*TASK ITEM*
Start with the first line of the records below. Output each line exactly, ending with the one that contains "#11=(NAMED_UNIT(*) PLANE_ANGLE_UNIT() SI_UNIT($,.RADIAN.));".

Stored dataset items
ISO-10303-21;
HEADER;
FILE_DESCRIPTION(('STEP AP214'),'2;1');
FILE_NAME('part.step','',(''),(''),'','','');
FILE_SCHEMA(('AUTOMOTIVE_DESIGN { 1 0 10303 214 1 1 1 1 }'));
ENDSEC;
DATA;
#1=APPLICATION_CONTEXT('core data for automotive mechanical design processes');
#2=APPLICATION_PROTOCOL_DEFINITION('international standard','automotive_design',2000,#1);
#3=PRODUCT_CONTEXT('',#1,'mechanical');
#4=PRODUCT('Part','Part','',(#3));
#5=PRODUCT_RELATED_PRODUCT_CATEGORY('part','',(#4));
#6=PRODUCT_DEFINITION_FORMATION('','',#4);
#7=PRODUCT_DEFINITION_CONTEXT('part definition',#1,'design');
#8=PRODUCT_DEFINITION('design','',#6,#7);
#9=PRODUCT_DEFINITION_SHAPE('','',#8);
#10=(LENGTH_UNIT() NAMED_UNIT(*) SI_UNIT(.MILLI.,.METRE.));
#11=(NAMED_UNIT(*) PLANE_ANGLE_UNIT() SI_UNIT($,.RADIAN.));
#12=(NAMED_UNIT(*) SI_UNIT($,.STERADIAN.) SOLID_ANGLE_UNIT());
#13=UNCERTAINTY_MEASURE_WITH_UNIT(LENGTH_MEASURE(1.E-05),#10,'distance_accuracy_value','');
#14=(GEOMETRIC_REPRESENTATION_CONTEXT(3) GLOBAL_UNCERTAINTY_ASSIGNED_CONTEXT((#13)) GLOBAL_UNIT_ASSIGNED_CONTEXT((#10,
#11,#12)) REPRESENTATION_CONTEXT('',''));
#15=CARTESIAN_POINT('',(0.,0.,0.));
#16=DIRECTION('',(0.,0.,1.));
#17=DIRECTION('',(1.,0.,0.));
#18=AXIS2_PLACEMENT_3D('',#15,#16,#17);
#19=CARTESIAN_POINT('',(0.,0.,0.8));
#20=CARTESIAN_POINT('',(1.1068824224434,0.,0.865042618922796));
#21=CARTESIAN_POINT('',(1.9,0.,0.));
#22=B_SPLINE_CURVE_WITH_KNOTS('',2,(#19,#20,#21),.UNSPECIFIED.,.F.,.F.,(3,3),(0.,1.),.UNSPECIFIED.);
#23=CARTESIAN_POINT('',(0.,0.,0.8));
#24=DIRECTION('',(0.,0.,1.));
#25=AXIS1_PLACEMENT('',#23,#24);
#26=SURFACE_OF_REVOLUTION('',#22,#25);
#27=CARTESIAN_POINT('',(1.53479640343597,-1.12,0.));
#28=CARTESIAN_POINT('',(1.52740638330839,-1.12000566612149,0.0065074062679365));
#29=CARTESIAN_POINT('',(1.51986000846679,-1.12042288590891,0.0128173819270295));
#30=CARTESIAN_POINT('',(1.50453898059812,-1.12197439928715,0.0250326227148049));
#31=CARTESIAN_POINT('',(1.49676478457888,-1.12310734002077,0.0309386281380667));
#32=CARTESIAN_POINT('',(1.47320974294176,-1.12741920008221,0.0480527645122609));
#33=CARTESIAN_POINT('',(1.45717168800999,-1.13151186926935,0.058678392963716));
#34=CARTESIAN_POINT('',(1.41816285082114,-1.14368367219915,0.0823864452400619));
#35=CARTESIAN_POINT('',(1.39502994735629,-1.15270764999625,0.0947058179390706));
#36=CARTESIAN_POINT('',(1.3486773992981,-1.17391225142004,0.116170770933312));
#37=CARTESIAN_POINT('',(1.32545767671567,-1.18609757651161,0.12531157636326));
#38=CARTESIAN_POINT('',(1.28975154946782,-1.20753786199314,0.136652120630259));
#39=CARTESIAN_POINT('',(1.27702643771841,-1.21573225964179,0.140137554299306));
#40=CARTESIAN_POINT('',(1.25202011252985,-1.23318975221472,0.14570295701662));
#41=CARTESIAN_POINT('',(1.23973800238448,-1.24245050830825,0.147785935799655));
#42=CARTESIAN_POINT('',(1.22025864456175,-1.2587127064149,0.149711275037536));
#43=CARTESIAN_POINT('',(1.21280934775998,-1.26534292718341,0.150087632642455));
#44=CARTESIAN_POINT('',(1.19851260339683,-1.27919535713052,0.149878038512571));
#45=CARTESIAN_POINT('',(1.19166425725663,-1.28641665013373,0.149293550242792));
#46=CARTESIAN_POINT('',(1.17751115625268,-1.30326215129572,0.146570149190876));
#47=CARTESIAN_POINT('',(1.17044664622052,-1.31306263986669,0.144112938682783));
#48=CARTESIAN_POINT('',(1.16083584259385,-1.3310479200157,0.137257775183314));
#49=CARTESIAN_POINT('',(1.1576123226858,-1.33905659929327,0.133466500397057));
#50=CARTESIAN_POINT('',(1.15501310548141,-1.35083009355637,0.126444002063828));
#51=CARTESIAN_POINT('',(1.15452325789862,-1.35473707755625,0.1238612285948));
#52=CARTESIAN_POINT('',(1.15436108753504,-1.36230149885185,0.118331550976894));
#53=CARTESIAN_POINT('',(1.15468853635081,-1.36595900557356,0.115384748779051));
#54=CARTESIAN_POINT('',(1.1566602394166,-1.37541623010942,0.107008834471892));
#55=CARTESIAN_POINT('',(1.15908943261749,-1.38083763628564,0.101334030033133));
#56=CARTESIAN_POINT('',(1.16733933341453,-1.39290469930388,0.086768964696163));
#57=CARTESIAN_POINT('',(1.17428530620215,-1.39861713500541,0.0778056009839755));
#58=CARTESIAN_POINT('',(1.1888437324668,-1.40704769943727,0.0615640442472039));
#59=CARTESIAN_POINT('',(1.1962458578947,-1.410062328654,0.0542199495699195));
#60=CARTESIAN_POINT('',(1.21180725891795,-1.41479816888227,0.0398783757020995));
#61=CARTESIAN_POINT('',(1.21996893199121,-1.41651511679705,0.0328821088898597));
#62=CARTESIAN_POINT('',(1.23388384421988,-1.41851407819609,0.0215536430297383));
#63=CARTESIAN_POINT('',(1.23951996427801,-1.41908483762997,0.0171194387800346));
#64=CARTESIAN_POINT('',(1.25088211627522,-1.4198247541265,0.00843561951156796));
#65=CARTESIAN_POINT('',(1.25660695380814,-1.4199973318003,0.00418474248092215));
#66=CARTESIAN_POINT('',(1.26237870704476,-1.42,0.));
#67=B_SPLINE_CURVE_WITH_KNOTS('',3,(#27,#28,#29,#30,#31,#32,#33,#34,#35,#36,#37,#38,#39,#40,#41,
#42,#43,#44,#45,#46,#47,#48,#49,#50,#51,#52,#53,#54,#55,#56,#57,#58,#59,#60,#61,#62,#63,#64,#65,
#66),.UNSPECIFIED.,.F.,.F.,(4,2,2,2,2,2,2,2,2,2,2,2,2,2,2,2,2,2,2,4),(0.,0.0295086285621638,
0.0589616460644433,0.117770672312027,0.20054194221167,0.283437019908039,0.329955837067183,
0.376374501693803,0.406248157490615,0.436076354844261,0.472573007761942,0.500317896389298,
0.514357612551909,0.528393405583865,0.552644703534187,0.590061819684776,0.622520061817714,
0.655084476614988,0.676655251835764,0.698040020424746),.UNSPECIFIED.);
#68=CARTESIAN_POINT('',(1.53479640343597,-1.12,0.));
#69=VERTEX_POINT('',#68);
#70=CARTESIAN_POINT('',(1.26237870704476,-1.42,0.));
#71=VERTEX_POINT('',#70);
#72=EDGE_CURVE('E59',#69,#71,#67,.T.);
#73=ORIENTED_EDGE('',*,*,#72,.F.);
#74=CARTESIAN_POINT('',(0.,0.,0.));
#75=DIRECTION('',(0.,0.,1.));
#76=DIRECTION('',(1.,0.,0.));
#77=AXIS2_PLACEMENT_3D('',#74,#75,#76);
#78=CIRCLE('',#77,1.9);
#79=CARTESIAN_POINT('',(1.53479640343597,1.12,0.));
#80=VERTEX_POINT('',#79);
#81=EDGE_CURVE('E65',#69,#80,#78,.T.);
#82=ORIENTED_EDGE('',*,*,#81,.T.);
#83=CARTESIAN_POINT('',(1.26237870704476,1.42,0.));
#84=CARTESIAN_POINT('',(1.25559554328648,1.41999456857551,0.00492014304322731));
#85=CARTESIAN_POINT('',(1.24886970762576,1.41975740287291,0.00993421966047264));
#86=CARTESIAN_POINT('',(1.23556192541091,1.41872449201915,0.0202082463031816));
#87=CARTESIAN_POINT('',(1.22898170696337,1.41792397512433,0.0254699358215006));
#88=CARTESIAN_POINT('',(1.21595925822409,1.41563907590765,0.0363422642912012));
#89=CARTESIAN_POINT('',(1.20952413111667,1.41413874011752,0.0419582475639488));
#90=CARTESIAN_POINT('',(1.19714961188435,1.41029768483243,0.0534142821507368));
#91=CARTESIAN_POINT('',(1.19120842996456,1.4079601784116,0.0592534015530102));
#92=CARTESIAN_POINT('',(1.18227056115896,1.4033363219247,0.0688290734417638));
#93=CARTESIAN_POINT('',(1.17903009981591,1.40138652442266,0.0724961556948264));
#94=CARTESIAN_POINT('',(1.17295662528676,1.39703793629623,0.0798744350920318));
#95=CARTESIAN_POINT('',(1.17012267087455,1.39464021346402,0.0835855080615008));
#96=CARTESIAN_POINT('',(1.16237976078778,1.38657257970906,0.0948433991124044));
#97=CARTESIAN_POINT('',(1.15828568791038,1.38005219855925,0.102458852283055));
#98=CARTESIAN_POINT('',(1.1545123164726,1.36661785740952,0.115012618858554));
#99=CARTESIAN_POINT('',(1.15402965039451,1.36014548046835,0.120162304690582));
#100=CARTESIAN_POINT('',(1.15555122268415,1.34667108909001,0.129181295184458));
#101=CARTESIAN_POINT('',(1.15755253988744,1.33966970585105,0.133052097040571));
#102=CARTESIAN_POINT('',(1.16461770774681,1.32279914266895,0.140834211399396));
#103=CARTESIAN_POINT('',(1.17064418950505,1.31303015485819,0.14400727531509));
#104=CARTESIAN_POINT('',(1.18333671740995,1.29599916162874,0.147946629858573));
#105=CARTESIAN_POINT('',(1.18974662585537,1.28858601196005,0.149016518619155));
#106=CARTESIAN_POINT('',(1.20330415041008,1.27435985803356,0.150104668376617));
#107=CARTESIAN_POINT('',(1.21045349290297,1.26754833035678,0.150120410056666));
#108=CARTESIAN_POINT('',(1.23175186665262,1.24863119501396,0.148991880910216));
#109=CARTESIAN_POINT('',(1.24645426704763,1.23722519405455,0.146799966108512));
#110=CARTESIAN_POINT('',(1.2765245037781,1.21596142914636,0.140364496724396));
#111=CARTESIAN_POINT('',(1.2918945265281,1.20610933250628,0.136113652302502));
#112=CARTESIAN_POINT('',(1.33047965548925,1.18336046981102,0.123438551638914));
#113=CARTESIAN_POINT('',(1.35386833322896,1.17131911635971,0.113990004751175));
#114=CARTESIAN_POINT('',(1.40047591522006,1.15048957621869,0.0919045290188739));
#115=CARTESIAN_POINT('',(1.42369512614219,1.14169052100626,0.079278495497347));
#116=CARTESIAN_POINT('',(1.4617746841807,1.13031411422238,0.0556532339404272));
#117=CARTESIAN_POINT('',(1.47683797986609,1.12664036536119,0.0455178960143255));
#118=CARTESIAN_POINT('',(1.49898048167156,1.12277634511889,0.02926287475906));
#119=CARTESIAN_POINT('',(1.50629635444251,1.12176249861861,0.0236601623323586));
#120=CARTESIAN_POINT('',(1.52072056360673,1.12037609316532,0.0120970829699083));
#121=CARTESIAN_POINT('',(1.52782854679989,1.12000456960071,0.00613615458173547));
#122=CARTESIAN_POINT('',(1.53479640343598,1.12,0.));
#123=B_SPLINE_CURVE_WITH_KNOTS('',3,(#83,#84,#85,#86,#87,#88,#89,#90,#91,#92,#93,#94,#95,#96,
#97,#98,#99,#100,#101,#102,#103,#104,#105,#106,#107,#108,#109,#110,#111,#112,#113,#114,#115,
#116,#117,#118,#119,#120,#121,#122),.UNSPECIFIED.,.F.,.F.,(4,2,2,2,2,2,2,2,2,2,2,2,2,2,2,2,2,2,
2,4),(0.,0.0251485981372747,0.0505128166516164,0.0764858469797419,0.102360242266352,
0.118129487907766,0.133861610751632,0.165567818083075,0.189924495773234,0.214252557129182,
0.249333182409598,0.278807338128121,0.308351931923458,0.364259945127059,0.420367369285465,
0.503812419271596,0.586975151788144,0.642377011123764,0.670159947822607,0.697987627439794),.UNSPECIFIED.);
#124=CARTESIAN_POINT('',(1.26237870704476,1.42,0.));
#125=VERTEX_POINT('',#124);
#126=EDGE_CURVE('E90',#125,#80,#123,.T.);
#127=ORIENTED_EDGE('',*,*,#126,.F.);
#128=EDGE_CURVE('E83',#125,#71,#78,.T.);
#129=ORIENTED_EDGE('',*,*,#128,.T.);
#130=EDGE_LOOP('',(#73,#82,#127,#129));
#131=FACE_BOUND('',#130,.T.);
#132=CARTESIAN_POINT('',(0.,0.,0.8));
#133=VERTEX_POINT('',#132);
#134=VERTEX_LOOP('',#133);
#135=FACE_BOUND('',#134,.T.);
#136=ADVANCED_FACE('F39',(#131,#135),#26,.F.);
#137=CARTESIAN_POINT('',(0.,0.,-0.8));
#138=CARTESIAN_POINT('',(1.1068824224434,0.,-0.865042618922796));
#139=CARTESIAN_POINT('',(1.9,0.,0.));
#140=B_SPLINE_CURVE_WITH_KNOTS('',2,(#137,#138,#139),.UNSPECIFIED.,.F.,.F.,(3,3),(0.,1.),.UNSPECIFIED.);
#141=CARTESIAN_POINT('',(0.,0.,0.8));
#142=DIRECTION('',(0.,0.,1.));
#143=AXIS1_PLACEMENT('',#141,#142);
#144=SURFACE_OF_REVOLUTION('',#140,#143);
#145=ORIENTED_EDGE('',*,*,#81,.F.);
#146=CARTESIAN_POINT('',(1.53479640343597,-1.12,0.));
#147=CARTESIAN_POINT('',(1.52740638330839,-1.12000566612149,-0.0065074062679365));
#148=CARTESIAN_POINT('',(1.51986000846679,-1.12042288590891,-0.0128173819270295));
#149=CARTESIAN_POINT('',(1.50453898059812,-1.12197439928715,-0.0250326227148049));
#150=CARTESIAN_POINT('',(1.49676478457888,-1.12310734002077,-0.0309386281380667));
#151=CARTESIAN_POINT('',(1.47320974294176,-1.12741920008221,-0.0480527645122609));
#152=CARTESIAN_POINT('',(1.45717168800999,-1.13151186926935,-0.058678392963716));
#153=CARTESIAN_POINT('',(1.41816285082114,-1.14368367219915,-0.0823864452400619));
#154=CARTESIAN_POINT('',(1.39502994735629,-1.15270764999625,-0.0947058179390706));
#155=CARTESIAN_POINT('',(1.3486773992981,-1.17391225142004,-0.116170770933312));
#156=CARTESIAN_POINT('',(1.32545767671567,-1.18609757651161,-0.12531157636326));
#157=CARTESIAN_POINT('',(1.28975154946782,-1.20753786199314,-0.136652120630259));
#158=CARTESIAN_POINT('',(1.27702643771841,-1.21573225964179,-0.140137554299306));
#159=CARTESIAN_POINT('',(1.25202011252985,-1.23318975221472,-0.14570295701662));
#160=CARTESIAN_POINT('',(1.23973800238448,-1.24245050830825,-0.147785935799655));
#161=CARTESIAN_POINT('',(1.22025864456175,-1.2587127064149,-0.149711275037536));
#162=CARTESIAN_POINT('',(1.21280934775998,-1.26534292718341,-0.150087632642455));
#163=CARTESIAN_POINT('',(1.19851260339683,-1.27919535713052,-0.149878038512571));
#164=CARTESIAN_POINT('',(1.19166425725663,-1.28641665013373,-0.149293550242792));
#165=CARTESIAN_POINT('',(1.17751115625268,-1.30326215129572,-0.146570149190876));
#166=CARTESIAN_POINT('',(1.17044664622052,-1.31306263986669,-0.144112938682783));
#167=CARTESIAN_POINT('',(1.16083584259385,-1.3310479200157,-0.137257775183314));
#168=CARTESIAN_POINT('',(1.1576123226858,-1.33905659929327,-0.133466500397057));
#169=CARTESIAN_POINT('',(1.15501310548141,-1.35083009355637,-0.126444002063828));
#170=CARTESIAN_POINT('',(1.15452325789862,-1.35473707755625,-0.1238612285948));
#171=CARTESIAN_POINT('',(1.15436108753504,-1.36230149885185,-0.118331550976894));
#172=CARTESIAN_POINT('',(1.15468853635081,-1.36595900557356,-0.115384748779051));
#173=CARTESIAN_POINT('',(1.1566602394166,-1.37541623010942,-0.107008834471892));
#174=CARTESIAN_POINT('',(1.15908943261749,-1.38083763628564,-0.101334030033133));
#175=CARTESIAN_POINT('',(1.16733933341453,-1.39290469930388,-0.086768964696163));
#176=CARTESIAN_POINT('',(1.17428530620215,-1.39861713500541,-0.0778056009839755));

*SOLUTION TO THIS TASK*
ISO-10303-21;
HEADER;
FILE_DESCRIPTION(('STEP AP214'),'2;1');
FILE_NAME('part.step','',(''),(''),'','','');
FILE_SCHEMA(('AUTOMOTIVE_DESIGN { 1 0 10303 214 1 1 1 1 }'));
ENDSEC;
DATA;
#1=APPLICATION_CONTEXT('core data for automotive mechanical design processes');
#2=APPLICATION_PROTOCOL_DEFINITION('international standard','automotive_design',2000,#1);
#3=PRODUCT_CONTEXT('',#1,'mechanical');
#4=PRODUCT('Part','Part','',(#3));
#5=PRODUCT_RELATED_PRODUCT_CATEGORY('part','',(#4));
#6=PRODUCT_DEFINITION_FORMATION('','',#4);
#7=PRODUCT_DEFINITION_CONTEXT('part definition',#1,'design');
#8=PRODUCT_DEFINITION('design','',#6,#7);
#9=PRODUCT_DEFINITION_SHAPE('','',#8);
#10=(LENGTH_UNIT() NAMED_UNIT(*) SI_UNIT(.MILLI.,.METRE.));
#11=(NAMED_UNIT(*) PLANE_ANGLE_UNIT() SI_UNIT($,.RADIAN.));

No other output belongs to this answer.